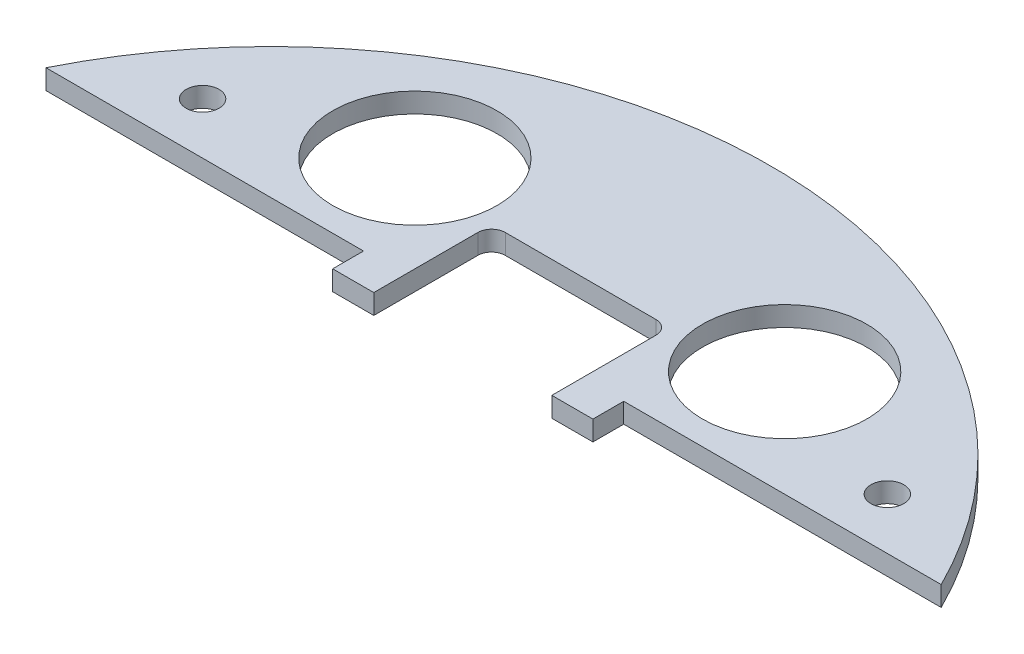
SolidWorks part; units mm, degrees
material "Acrylic (Medium-high impact)"
ref_plane "Front Plane" through (0, 0, 0) normal (0, 0, 1) x (1, 0, 0)
ref_plane "Top Plane" through (0, 0, 0) normal (0, 1, 0) x (1, 0, 0)
ref_plane "Right Plane" through (0, 0, 0) normal (1, 0, 0) x (0, 0, -1)
sketch "Sketch1" plane through (0, 0, 0) normal (0, 1, 0) x (1, 0, 0)
  line L0 (0, -85) -> (-32.7511, -65.2408) construction
  line L1 (0, -85) -> (0, 0) construction
  arc A0 (36.8566, -63.0126) -> (-36.8566, -63.0126) centre (0, 0) ccw
  arc A1 (30.3631, -61.7375) -> (-30.3631, -61.7375) centre (0, -85) ccw
  arc A2 (36.8566, -63.0126) -> (30.3631, -61.7375) centre (34.3322, -58.6967) cw
  arc A3 (-30.3631, -61.7375) -> (-36.8566, -63.0126) centre (-34.3322, -58.6967) cw
  dimension "D1" = 146
  dimension "D2" = 76.5
  dimension "D4" = 5
  dimension "D3" = 85
extrude "Boss-Extrude1" add sketch "Sketch1" along normal blind 2.9
sketch "solenoid placement" plane through (0, 2.9, 0) normal (0, 1, 0) x (1, 0, 0)
  line L4 (-19, -36) -> (19, -36)
  line L5 (-19, -36) -> (19, -36)
  line L6 (19, -36) -> (19, 28)
  line L7 (19, -36) -> (19, 28)
  line L8 (19, 28) -> (-19, 28)
  line L9 (19, 28) -> (-19, 28)
  line L10 (-19, 28) -> (-19, -36)
  line L11 (-19, 28) -> (-19, -36)
  circle A1 centre (0, 0) radius 73 construction
  arc A2 (36.8566, -63.0126) -> (-36.8566, -63.0126) centre (0, 0) ccw construction
  dimension "D1" = 0
extrude "Cut-Extrude1" cut sketch "solenoid placement" against normal through all
sketch "Sketch4" plane through (0, 2.9, 0) normal (0, 1, 0) x (1, 0, 0)
  line L1 (-13, 28) -> (13, 28)
  line L2 (-13, 28) -> (-13, 43.2)
  line L3 (13, 45.2) -> (-13, 45.2) construction
  line L4 (13, 28) -> (13, 43.2)
  line L5 (11, 45.2) -> (-11, 45.2)
  line L6 (19, 28) -> (-19, 28) construction
  arc A0 (11, 45.2) -> (13, 43.2) centre (11, 43.2) cw
  arc A1 (-11, 45.2) -> (-13, 43.2) centre (-11, 43.2) ccw
  point P6 (0, 28)
  dimension "D1" = 2
extrude "Cut-Extrude4" cut sketch "Sketch4" against normal through all
sketch "Sketch5" plane through (0, 2.9, 0) normal (0, 1, 0) x (1, 0, 0)
  circle A2 centre (-27, 48) radius 12
  circle A3 centre (-27, 48) radius 12
  circle A4 centre (27, 48) radius 12
  circle A21 centre (27, 48) radius 12
  dimension "D1" = 0
  dimension "D2" = 0
extrude "Cut-Extrude5" cut sketch "Sketch5" against normal through all
sketch "Sketch6" plane through (0, 2.9, 0) normal (0, 1, 0) x (1, 0, 0)
  circle A1 centre (40, -40) radius 2.4
  circle A2 centre (40, -40) radius 2.4
  circle A3 centre (-40, -40) radius 2.4
  circle A4 centre (-40, -40) radius 2.4
  circle A5 centre (-50, 40) radius 2.4
  circle A6 centre (-50, 40) radius 2.4
  circle A7 centre (50, 40) radius 2.4
  circle A8 centre (50, 40) radius 2.4
  dimension "D1" = 0
  dimension "D2" = 0
  dimension "D3" = 0
  dimension "D4" = 0
extrude "Cut-Extrude6" cut sketch "Sketch6" against normal through all
sketch "Sketch3" plane through (0, 2.9, 0) normal (0, 1, 0) x (1, 0, 0)
  line L0 (-19, 28) -> (19, 28)
  line L1 (-73, -32.5) -> (73, -32.5)
  line L2 (-73, -32.5) -> (-73, 32.5)
  line L3 (-73, 32.5) -> (-19, 32.5)
  line L4 (73, -32.5) -> (73, 32.5)
  line L5 (-73, -32.5) -> (73, 32.5) construction
  line L6 (-73, 32.5) -> (73, -32.5) construction
  line L7 (19, 28) -> (19, 32.5)
  line L8 (-19, 28) -> (-19, 32.5)
  line L9 (19, 32.5) -> (73, 32.5)
  arc A0 (36.8566, -63.0126) -> (-36.8566, -63.0126) centre (0, 0) ccw construction
  point P0 (0, 0)
  dimension "D1" = 65
extrude "Cut-Extrude3" cut sketch "Sketch3" against normal through all
delete or keep bodies "Body-Delete/Keep 1" type delete bodies bodies 115
equation "\"smallPulleyTeeth\"= 15"
equation "\"largePulleyTeeth\"= 30"
equation "\"eighthThick\"= 2.9mm"
equation "\"sixteenthThick\" = 1.7mm"
equation "\"quarterThick\"=6.0mm"
equation "\"OD\" = 146mm"
equation "\"puckAngle\" = 60.5deg"
equation "\"D1@Sketch1\"=\"OD\""
equation "\"puckDiam\" = 76.5mm"
equation "\"D2@Sketch1\"=\"puckDiam\""
equation "\"D1@Boss-Extrude1\"=\"eighthThick\""
equation "\"axlePress\" = 5.9mm"
equation "\"press\" = 0.2mm"
equation "\"wheelClear\" = 0.3mm"
equation "\"10-32clear\" = 4.8mm"
equation "\"6-32clear\" = 3.3mm"
equation "\"8-32clear\" = 4.0mm"
equation "\"wheelHeight\" = 22mm"
equation "\"wheelWell\" = 65mm"
equation "\"D1@Sketch3\"=\"wheelWell\""
equation "\"puckDist\" = 85mm"
equation "\"scoopFillet\" = 5mm"
equation "\"4-40clear\" = 3.0mm"
equation "\"D3@Sketch1\"=\"puckDist\""
equation "\"D4@Sketch1\"=\"scoopFillet\""

________________________________________

TASK DESCRIPTION:
Transcribe all the records above word for word, without their images.

EXERCISE RESULT:
SolidWorks part; units mm, degrees
material "Acrylic (Medium-high impact)"
ref_plane "Front Plane" through (0, 0, 0) normal (0, 0, 1) x (1, 0, 0)
ref_plane "Top Plane" through (0, 0, 0) normal (0, 1, 0) x (1, 0, 0)
ref_plane "Right Plane" through (0, 0, 0) normal (1, 0, 0) x (0, 0, -1)
sketch "Sketch1" plane through (0, 0, 0) normal (0, 1, 0) x (1, 0, 0)
  line L0 (0, -85) -> (-32.7511, -65.2408) construction
  line L1 (0, -85) -> (0, 0) construction
  arc A0 (36.8566, -63.0126) -> (-36.8566, -63.0126) centre (0, 0) ccw
  arc A1 (30.3631, -61.7375) -> (-30.3631, -61.7375) centre (0, -85) ccw
  arc A2 (36.8566, -63.0126) -> (30.3631, -61.7375) centre (34.3322, -58.6967) cw
  arc A3 (-30.3631, -61.7375) -> (-36.8566, -63.0126) centre (-34.3322, -58.6967) cw
  dimension "D1" = 146
  dimension "D2" = 76.5
  dimension "D4" = 5
  dimension "D3" = 85
extrude "Boss-Extrude1" add sketch "Sketch1" along normal blind 2.9
sketch "solenoid placement" plane through (0, 2.9, 0) normal (0, 1, 0) x (1, 0, 0)
  line L4 (-19, -36) -> (19, -36)
  line L5 (-19, -36) -> (19, -36)
  line L6 (19, -36) -> (19, 28)
  line L7 (19, -36) -> (19, 28)
  line L8 (19, 28) -> (-19, 28)
  line L9 (19, 28) -> (-19, 28)
  line L10 (-19, 28) -> (-19, -36)
  line L11 (-19, 28) -> (-19, -36)
  circle A1 centre (0, 0) radius 73 construction
  arc A2 (36.8566, -63.0126) -> (-36.8566, -63.0126) centre (0, 0) ccw construction
  dimension "D1" = 0
extrude "Cut-Extrude1" cut sketch "solenoid placement" against normal through all
sketch "Sketch4" plane through (0, 2.9, 0) normal (0, 1, 0) x (1, 0, 0)
  line L1 (-13, 28) -> (13, 28)
  line L2 (-13, 28) -> (-13, 43.2)
  line L3 (13, 45.2) -> (-13, 45.2) construction
  line L4 (13, 28) -> (13, 43.2)
  line L5 (11, 45.2) -> (-11, 45.2)
  line L6 (19, 28) -> (-19, 28) construction
  arc A0 (11, 45.2) -> (13, 43.2) centre (11, 43.2) cw
  arc A1 (-11, 45.2) -> (-13, 43.2) centre (-11, 43.2) ccw
  point P6 (0, 28)
  dimension "D1" = 2
extrude "Cut-Extrude4" cut sketch "Sketch4" against normal through all
sketch "Sketch5" plane through (0, 2.9, 0) normal (0, 1, 0) x (1, 0, 0)
  circle A2 centre (-27, 48) radius 12
  circle A3 centre (-27, 48) radius 12
  circle A4 centre (27, 48) radius 12
  circle A21 centre (27, 48) radius 12
  dimension "D1" = 0
  dimension "D2" = 0
extrude "Cut-Extrude5" cut sketch "Sketch5" against normal through all
sketch "Sketch6" plane through (0, 2.9, 0) normal (0, 1, 0) x (1, 0, 0)
  circle A1 centre (40, -40) radius 2.4
  circle A2 centre (40, -40) radius 2.4
  circle A3 centre (-40, -40) radius 2.4
  circle A4 centre (-40, -40) radius 2.4
  circle A5 centre (-50, 40) radius 2.4
  circle A6 centre (-50, 40) radius 2.4
  circle A7 centre (50, 40) radius 2.4
  circle A8 centre (50, 40) radius 2.4
  dimension "D1" = 0
  dimension "D2" = 0
  dimension "D3" = 0
  dimension "D4" = 0
extrude "Cut-Extrude6" cut sketch "Sketch6" against normal through all
sketch "Sketch3" plane through (0, 2.9, 0) normal (0, 1, 0) x (1, 0, 0)
  line L0 (-19, 28) -> (19, 28)
  line L1 (-73, -32.5) -> (73, -32.5)
  line L2 (-73, -32.5) -> (-73, 32.5)
  line L3 (-73, 32.5) -> (-19, 32.5)
  line L4 (73, -32.5) -> (73, 32.5)
  line L5 (-73, -32.5) -> (73, 32.5) construction
  line L6 (-73, 32.5) -> (73, -32.5) construction
  line L7 (19, 28) -> (19, 32.5)
  line L8 (-19, 28) -> (-19, 32.5)
  line L9 (19, 32.5) -> (73, 32.5)
  arc A0 (36.8566, -63.0126) -> (-36.8566, -63.0126) centre (0, 0) ccw construction
  point P0 (0, 0)
  dimension "D1" = 65
extrude "Cut-Extrude3" cut sketch "Sketch3" against normal through all
delete or keep bodies "Body-Delete/Keep 1" type delete bodies bodies 115
equation "\"smallPulleyTeeth\"= 15"
equation "\"largePulleyTeeth\"= 30"
equation "\"eighthThick\"= 2.9mm"
equation "\"sixteenthThick\" = 1.7mm"
equation "\"quarterThick\"=6.0mm"
equation "\"OD\" = 146mm"
equation "\"puckAngle\" = 60.5deg"
equation "\"D1@Sketch1\"=\"OD\""
equation "\"puckDiam\" = 76.5mm"
equation "\"D2@Sketch1\"=\"puckDiam\""
equation "\"D1@Boss-Extrude1\"=\"eighthThick\""
equation "\"axlePress\" = 5.9mm"
equation "\"press\" = 0.2mm"
equation "\"wheelClear\" = 0.3mm"
equation "\"10-32clear\" = 4.8mm"
equation "\"6-32clear\" = 3.3mm"
equation "\"8-32clear\" = 4.0mm"
equation "\"wheelHeight\" = 22mm"
equation "\"wheelWell\" = 65mm"
equation "\"D1@Sketch3\"=\"wheelWell\""
equation "\"puckDist\" = 85mm"
equation "\"scoopFillet\" = 5mm"
equation "\"4-40clear\" = 3.0mm"
equation "\"D3@Sketch1\"=\"puckDist\""
equation "\"D4@Sketch1\"=\"scoopFillet\""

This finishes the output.